In this paper, we design a system for integrating the blogs and the videos containing educational multimedia data and propose a novel recommendation system called Videopedia. We provide the necessary matching between the texts in the webpages and the lecture videos based on their contents. Retrieving suitable videos for a particular webpage is challenging mainly because webpages and videos are represented in different forms and finding a correlation between them is not straightforward.
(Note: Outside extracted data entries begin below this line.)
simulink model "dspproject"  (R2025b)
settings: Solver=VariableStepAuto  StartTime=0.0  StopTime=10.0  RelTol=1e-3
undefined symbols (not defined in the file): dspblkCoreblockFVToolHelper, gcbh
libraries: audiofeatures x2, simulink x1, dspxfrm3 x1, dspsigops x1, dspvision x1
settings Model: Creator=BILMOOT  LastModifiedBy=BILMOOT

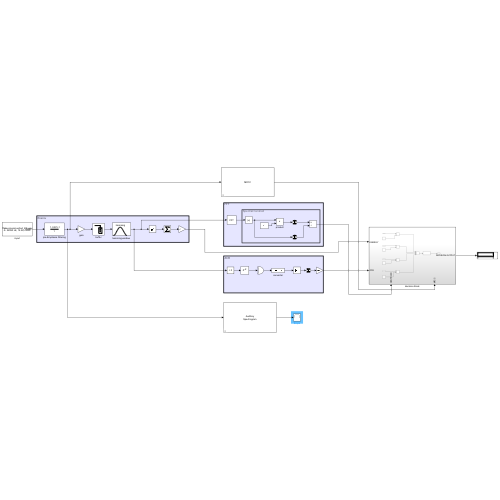
[thumbnail: Simulink's stored preview of the top-level diagram]
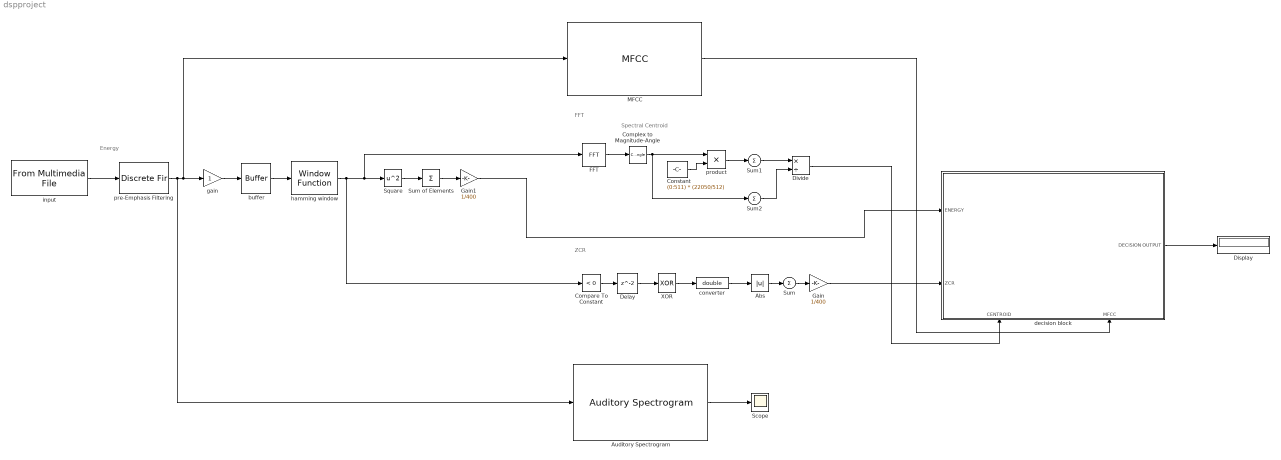
== system dspproject ==
  note: FFT
  note: Spectral Centroid
  note: Energy
  note: ZCR
  Abs : Abs  SaturateOnIntegerOverflow=off
  Auditory Spectrogram : audiofeatures/Auditory Spectrogram  FrequencyScale=mel  MelStyle=slaney  AutoNumBands=on  NumBands=32  AutoFrequencyRange=on  FrequencyRange=[0, 22050]  FilterBankDesignDomain=linear  FilterBankNormalization=bandwidth  OutputFrequencyVector=off  WindowParameter=hamming(400,'periodic')  WindowNormalization=on  OverlapLength=200  AutoFFTLength=on  FFTLength=1024  SpectrumType=magnitude  ApplyLog=off  NumHops=1  NumHopsOverlap=0  InheritSampleRate=on  SampleRate=44.1e3
  Compare To Constant : simulink/Logic and Bit Operations/Compare To Constant  relop=<  const=0  OutDataTypeStr=boolean
  Complex to Magnitude-Angle : ComplexToMagnitudeAngle  Output=Magnitude
  Constant : Constant  Value=(0:511) * (22050/512)
  Delay : Delay
  Display : Display
  Divide : Product  Inputs=*/
  FFT : dspxfrm3/FFT  FFTImplementation=Auto  CompMethod=Table lookup  TableOpt=NEW  TableOptActive=Speed  BitRevOrder=off  Normalize=on  InheritFFTLength=off  FFTLength=512  WrapInput=on  roundingMode=Round  overflowMode=on  firstCoeffDataTypeStr=Inherit: Same word length as input  firstCoeffLastDataTypeStr=Inherit: Same word length as input  outputMin=[]  outputMax=[]
  Gain : Gain  Gain=1/400
  Gain1 : Gain  Gain=1/400
  MFCC : audiofeatures/MFCC  WindowParameter=hamming(400,'periodic')  OverlapLength=200  NumCoeffs=13  Rectification=Logarithm  AppendDelta=on  AppendDeltaDelta=on  DeltaWindowLength=9  NumFeatureVectors=1  NumFeatureVectorOverlap=0  InheritSampleRate=off  SampleRate=22050  NumBands=26  AutoFrequencyRange=on  FrequencyRange=[0, 22050]  FilterBankDesignDomain=linear  FilterBankNormalization=bandwidth  MelStyle=slaney  WindowNormalization=on  SpectrumType=power  AutoFFTLength=on  FFTLength=1024
  Scope : Scope
      settings: ActiveDisplayYMinimum=-4.8863057234241722E-5  ActiveDisplayYMaximum=0.0004397675151081756
  Square : Math  Operator=square
  Sum : Sum  Inputs=+  CollapseMode=Specified dimension
  Sum of Elements : Sum  Inputs=+  CollapseMode=Specified dimension
  Sum1 : Sum  Inputs=+  CollapseMode=Specified dimension
  Sum2 : Sum  Inputs=+  CollapseMode=Specified dimension
  XOR : Logic  Operator=XOR  Inputs=1  IconShape=distinctive  AllPortsSameDT=off  OutDataTypeStr=boolean
  buffer : Buffer  N=400  V=240  OutputFrames=off
  converter : DataTypeConversion  OutDataTypeStr=double  SaturateOnIntegerOverflow=off  RndMeth=Floor
  decision block : Subsystem
      settings: PortSchema="{\"entries\":[{\"content\":{\"sides\":[{\"content\":{\"connectorIds\":[\"In1\",\"In2\"]},\"type\":\"ConnectorPlacement.EquallySpacedRectSide\",\"uuid\":\"88a2a444-5f90-4f1f-807a-bd703364281a\"},{\"content\":{\"connectorIds\":[\"Out1\"],\"side\":\"RIGHT\"},\"type\":\"ConnectorPlacement.EquallySpacedRectSide\",\"uuid\":\"4ec65e0f-1ccf-451e-b825-09269428c0b3\"},{\"content\":{\"side\":\"TOP\"},\"type\":\"ConnectorPlacement.EquallySpacedRectSide\",\"uuid\":\"c91968c7-69ce-4166-a477-17bcca02a99e\"},{\"content\":{\"connectorIds\":[\"In3\",\"In4\"],\"side\":\"BOTTOM\"},\"type\":\"ConnectorPlacement.EquallySpacedRectSide\",\"uuid\":\"9a55e096-9575-4f24-8ed3-8e9f0ae48f94\"}]},\"type\":\"ConnectorPlacement.EquallySpacedConnector\",\"uuid\":\"39e846e1-8f80-4fb5-8d1f-e6fff8928494\"}],\"packageUris\":[\"http://schema.mathworks.com/mf0/Connector/R2020b\"],\"version\":\"1.0\"}"
  gain : Gain
  "hamming window " : dspsigops/Window Function  winmode=Apply window to input  wintype=Hamming  sampmode=Continuous  samptime=1  N=64  Rs=50  beta=10  winsamp=Symmetric  UserWindow=hamming  OptParams=off  UserParams={'symmetric'}  dataType=double  isSigned=on  wordLen=16  udDataType=sfix(16)  fracBitsMode=Best precision  numFracBits=15  roundingMode=Nearest  overflowMode=on  numSidelobes=4  sidelobeLevel=-30
  input : dspvision/From Multimedia File  inputFilename=C:\Users\حاسبات الوادي\OneDrive\Documents\MATLAB\1fakevoiceconverted_22k.wav  readRange=[1 Inf]  loop=on  numPlays=inf  outputStreams=Audio only  videoDataType=single  audioDataType=double  inheritSampleTime=on  userDefinedSampleTime=1/30  noAudioOutput=off  isIntensityVideo=off  fourcc=RGB  colorVideoFormat=One multidimensional signal  outputEOF=off  dataOrg=Column-major  audioFrameSize=1024  computeAudioFrameSize=off  outSamplingMode=Sample based
      settings: LibrarySourceBlock=dspsrcs4/From Multimedia File
  pre-Emphasis Filtering : DiscreteFir  LoadFcn=dspblkCoreblockFVToolHelper(gcbh,'load');  Coefficients=[1 -0.97]  InputProcessing=Columns as channels (frame based)
      settings: CopyFcn=dspblkCoreblockFVToolHelper(gcbh,'copy');  DeleteFcn=dspblkCoreblockFVToolHelper(gcbh,'close');  ModelCloseFcn=dspblkCoreblockFVToolHelper(gcbh,'close');  PreSaveFcn=dspblkCoreblockFVToolHelper(gcbh,'presave');  PostSaveFcn=dspblkCoreblockFVToolHelper(gcbh,'postsave');  CloseFcn=dspblkCoreblockFVToolHelper(gcbh,'close');
  product : Product
  wires:
  gain/1 -> buffer/1
  Sum/1 -> Gain/1
  Compare To Constant/1 -> Delay/1
  Delay/1 -> XOR/1
  Abs/1 -> Sum/1
  input/1 -> pre-Emphasis Filtering/1
  "hamming window "/1 -> Compare To Constant/1, FFT/1, Square/1
  Square/1 -> Sum of Elements/1
  pre-Emphasis Filtering/1 -> Auditory Spectrogram/1, MFCC/1, gain/1
  Sum of Elements/1 -> Gain1/1
  FFT/1 -> Complex to Magnitude-Angle/1
  Complex to Magnitude-Angle/1 -> Sum2/1, product/1
  Constant/1 -> product/2
  product/1 -> Sum1/1
  Sum1/1 -> Divide/1
  Sum2/1 -> Divide/2
  Gain1/1 -> decision block/1(ENERGY)
  Gain/1 -> decision block/2(ZCR)
  Divide/1 -> decision block/3(CENTROID)
  MFCC/1 -> decision block/4(MFCC)
  XOR/1 -> converter/1
  converter/1 -> Abs/1
  decision block/1(DECISION OUTPUT) -> Display/1
  buffer/1 -> "hamming window "/1
  Auditory Spectrogram/1 -> Scope/1

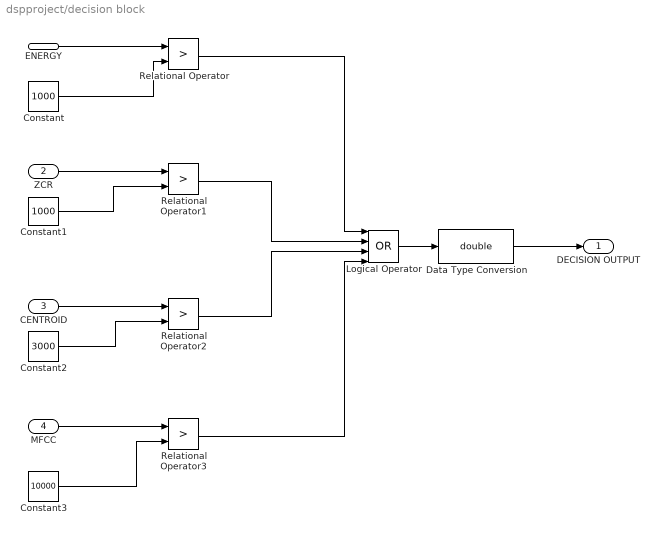
== system dspproject/decision block ==
  ENERGY : Inport
  ZCR : Inport  Port=2
  CENTROID : Inport  Port=3
  MFCC : Inport  Port=4
  Constant : Constant  Value=1000
  Constant1 : Constant  Value=1000
  Constant2 : Constant  Value=3000
  Constant3 : Constant  Value=10000
  Data Type Conversion : DataTypeConversion  OutDataTypeStr=double  SaturateOnIntegerOverflow=off  RndMeth=Floor
  Logical Operator : Logic  Operator=OR  Inputs=4  AllPortsSameDT=off  OutDataTypeStr=boolean
  Relational Operator{,1..3} (4 alike) : RelationalOperator  Operator=>  OutDataTypeStr=boolean  RndMeth=Simplest  InputSameDT=off
  DECISION OUTPUT : Outport  OutDataTypeStr=double
  wires:
  Constant/1 -> Relational Operator/2
  Constant1/1 -> Relational Operator1/2
  Constant2/1 -> Relational Operator2/2
  Data Type Conversion/1 -> DECISION OUTPUT/1
  Logical Operator/1 -> Data Type Conversion/1
  Constant3/1 -> Relational Operator3/2
  Relational Operator/1 -> Logical Operator/1
  CENTROID/1 -> Relational Operator2/1
  ENERGY/1 -> Relational Operator/1
  MFCC/1 -> Relational Operator3/1
  ZCR/1 -> Relational Operator1/1
  Relational Operator3/1 -> Logical Operator/4
  Relational Operator1/1 -> Logical Operator/2
  Relational Operator2/1 -> Logical Operator/3

Also e-learning lecture videos mostly consist of lecture slides, whiteboard/blackboard content and sometimes the instructors delivering the lecture. Hence extracting the content of these videos based on visual words is not a plausible solution. Video transcripts have been generated using automatic speech recognition (ASR) of the audio as an attempt for content detection [16]. Most of the extracted texts by ASR contain errors due to poor audio recording quality, which degrades the spoken text’s usability for video retrieval [6]. Recently, the majority of video sharing platforms like TedFootnote 7, YouTube, etc., provide videos with automatic video transcripts. These are manually created closed captions (CC) and contain less error than ASR. These transcripts provide the content of the lecture videos which we can then mine to find the correlation with the text-based blogs.

Our novel algorithm implemented as a part of Videopedia thus employs techniques of topic modeling in extracting the contents of the webpages and the videos. We use Latent Dirichlet Allocation (LDA) [3] to find the topics in a particular website and those in a particular video. These topics provide better representation of the content of the video compared to video metadata. The topics for the videos are extracted from video transcripts, stored on the server and indexed by their topic distributions. The topics representing the contents of a blog are generated at run-time. Videopedia determines the similarity between the topics of a webpage and those of a video and recommends the relevant videos based on the similarity. In summary, our specific contributions in this paper are as follows:

  • For a webpage recommend the relevant videos that would elaborate the concepts introduced in the webpage.

  • Provide a comprehensive framework which combines multimodal data, i.e., text and video for an enhanced e-learning experience.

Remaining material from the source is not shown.